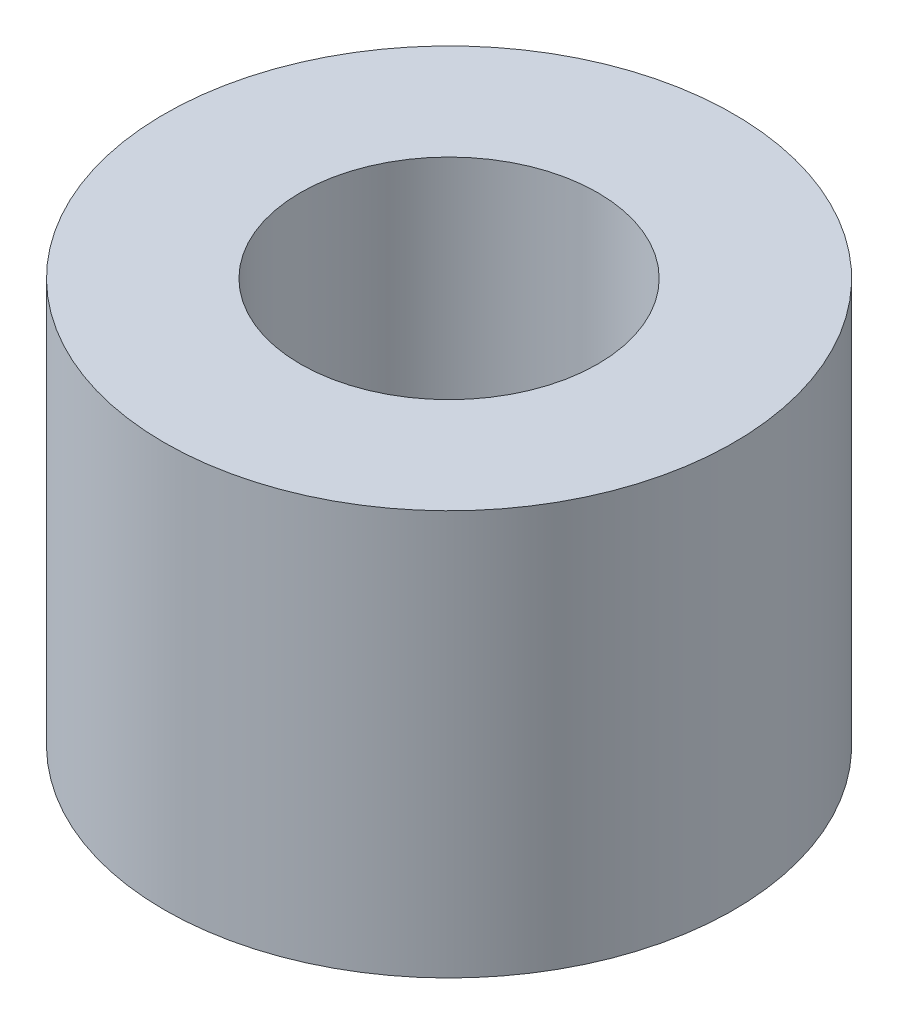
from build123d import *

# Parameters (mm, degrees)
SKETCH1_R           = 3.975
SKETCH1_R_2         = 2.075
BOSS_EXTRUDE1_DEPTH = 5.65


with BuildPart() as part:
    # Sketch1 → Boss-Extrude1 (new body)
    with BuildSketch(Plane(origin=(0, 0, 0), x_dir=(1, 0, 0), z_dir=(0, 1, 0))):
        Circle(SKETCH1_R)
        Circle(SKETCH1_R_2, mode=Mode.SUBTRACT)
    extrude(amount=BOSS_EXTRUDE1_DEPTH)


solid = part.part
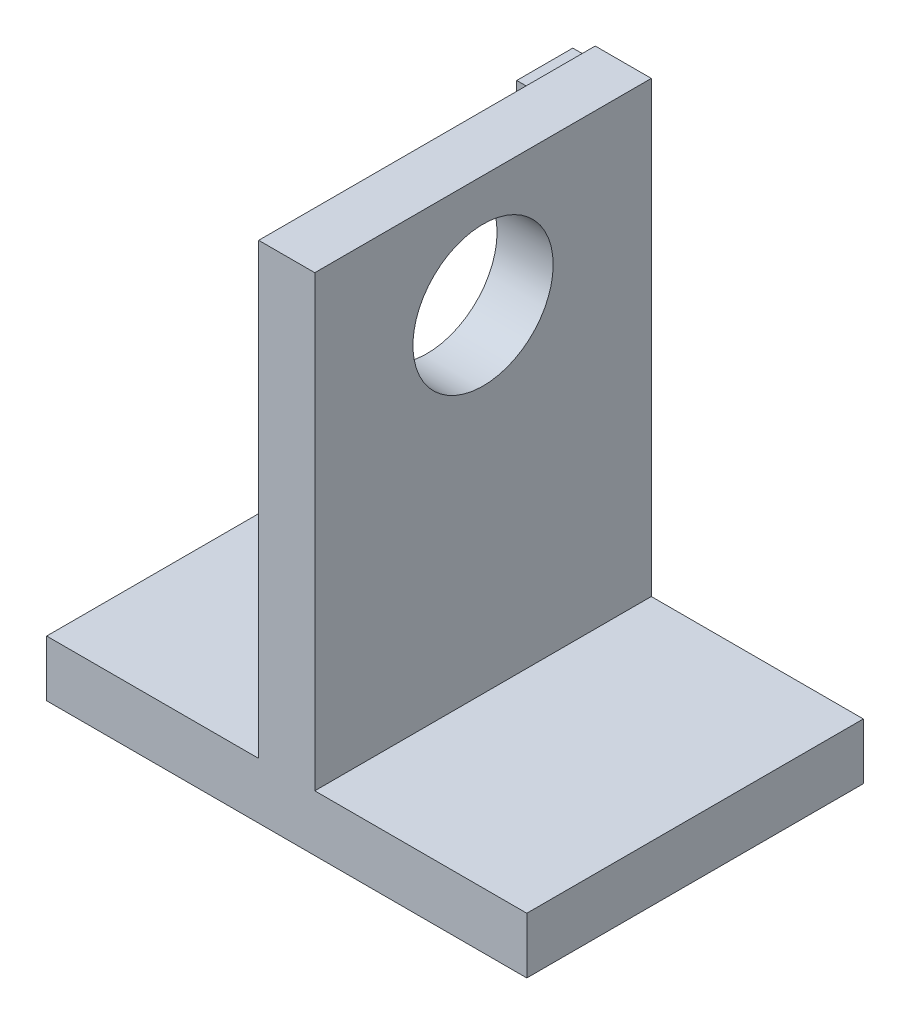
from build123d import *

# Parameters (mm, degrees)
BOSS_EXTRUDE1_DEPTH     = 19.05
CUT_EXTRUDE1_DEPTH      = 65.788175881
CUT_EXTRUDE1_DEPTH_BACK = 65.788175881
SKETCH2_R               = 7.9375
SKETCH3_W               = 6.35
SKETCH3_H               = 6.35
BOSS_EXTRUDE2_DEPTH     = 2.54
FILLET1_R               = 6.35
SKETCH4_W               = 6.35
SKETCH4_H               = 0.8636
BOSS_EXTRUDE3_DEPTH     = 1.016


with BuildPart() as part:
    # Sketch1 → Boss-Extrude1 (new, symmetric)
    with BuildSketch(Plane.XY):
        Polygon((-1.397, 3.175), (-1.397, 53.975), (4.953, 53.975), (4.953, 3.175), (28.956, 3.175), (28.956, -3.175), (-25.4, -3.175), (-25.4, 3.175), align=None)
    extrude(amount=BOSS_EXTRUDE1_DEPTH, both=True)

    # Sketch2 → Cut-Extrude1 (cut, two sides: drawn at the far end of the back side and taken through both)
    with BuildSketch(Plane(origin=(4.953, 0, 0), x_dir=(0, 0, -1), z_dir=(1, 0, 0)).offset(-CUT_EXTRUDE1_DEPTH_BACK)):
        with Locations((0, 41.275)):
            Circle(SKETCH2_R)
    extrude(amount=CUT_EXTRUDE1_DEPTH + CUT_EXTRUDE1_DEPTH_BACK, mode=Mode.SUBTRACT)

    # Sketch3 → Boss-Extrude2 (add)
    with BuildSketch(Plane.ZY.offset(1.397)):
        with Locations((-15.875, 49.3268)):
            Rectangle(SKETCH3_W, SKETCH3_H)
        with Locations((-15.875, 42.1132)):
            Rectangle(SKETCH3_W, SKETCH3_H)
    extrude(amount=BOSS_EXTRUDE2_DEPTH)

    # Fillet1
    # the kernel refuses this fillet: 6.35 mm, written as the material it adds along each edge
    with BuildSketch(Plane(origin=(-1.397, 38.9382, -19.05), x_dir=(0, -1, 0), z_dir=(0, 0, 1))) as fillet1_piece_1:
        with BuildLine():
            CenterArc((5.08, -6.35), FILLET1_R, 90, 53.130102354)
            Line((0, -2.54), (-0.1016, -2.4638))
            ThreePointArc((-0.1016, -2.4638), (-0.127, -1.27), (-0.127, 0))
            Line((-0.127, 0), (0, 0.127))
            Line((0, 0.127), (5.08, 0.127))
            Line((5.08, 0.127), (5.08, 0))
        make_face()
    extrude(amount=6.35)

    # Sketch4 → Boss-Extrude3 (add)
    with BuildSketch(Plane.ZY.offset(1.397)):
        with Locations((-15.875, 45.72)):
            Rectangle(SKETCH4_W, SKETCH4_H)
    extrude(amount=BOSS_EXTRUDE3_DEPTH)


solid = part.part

------------------------------

# WHAT TO WORK ON:
Retype the lines from the one containing "ThreePointArc((-0.1016, -2.4638), (-0.127, -1.27), (-0.127, 0))" through the last line of the records. Leave out everything else.

# OUTPUT OF THE TASK:
            ThreePointArc((-0.1016, -2.4638), (-0.127, -1.27), (-0.127, 0))
            Line((-0.127, 0), (0, 0.127))
            Line((0, 0.127), (5.08, 0.127))
            Line((5.08, 0.127), (5.08, 0))
        make_face()
    extrude(amount=6.35)

    # Sketch4 → Boss-Extrude3 (add)
    with BuildSketch(Plane.ZY.offset(1.397)):
        with Locations((-15.875, 45.72)):
            Rectangle(SKETCH4_W, SKETCH4_H)
    extrude(amount=BOSS_EXTRUDE3_DEPTH)


solid = part.part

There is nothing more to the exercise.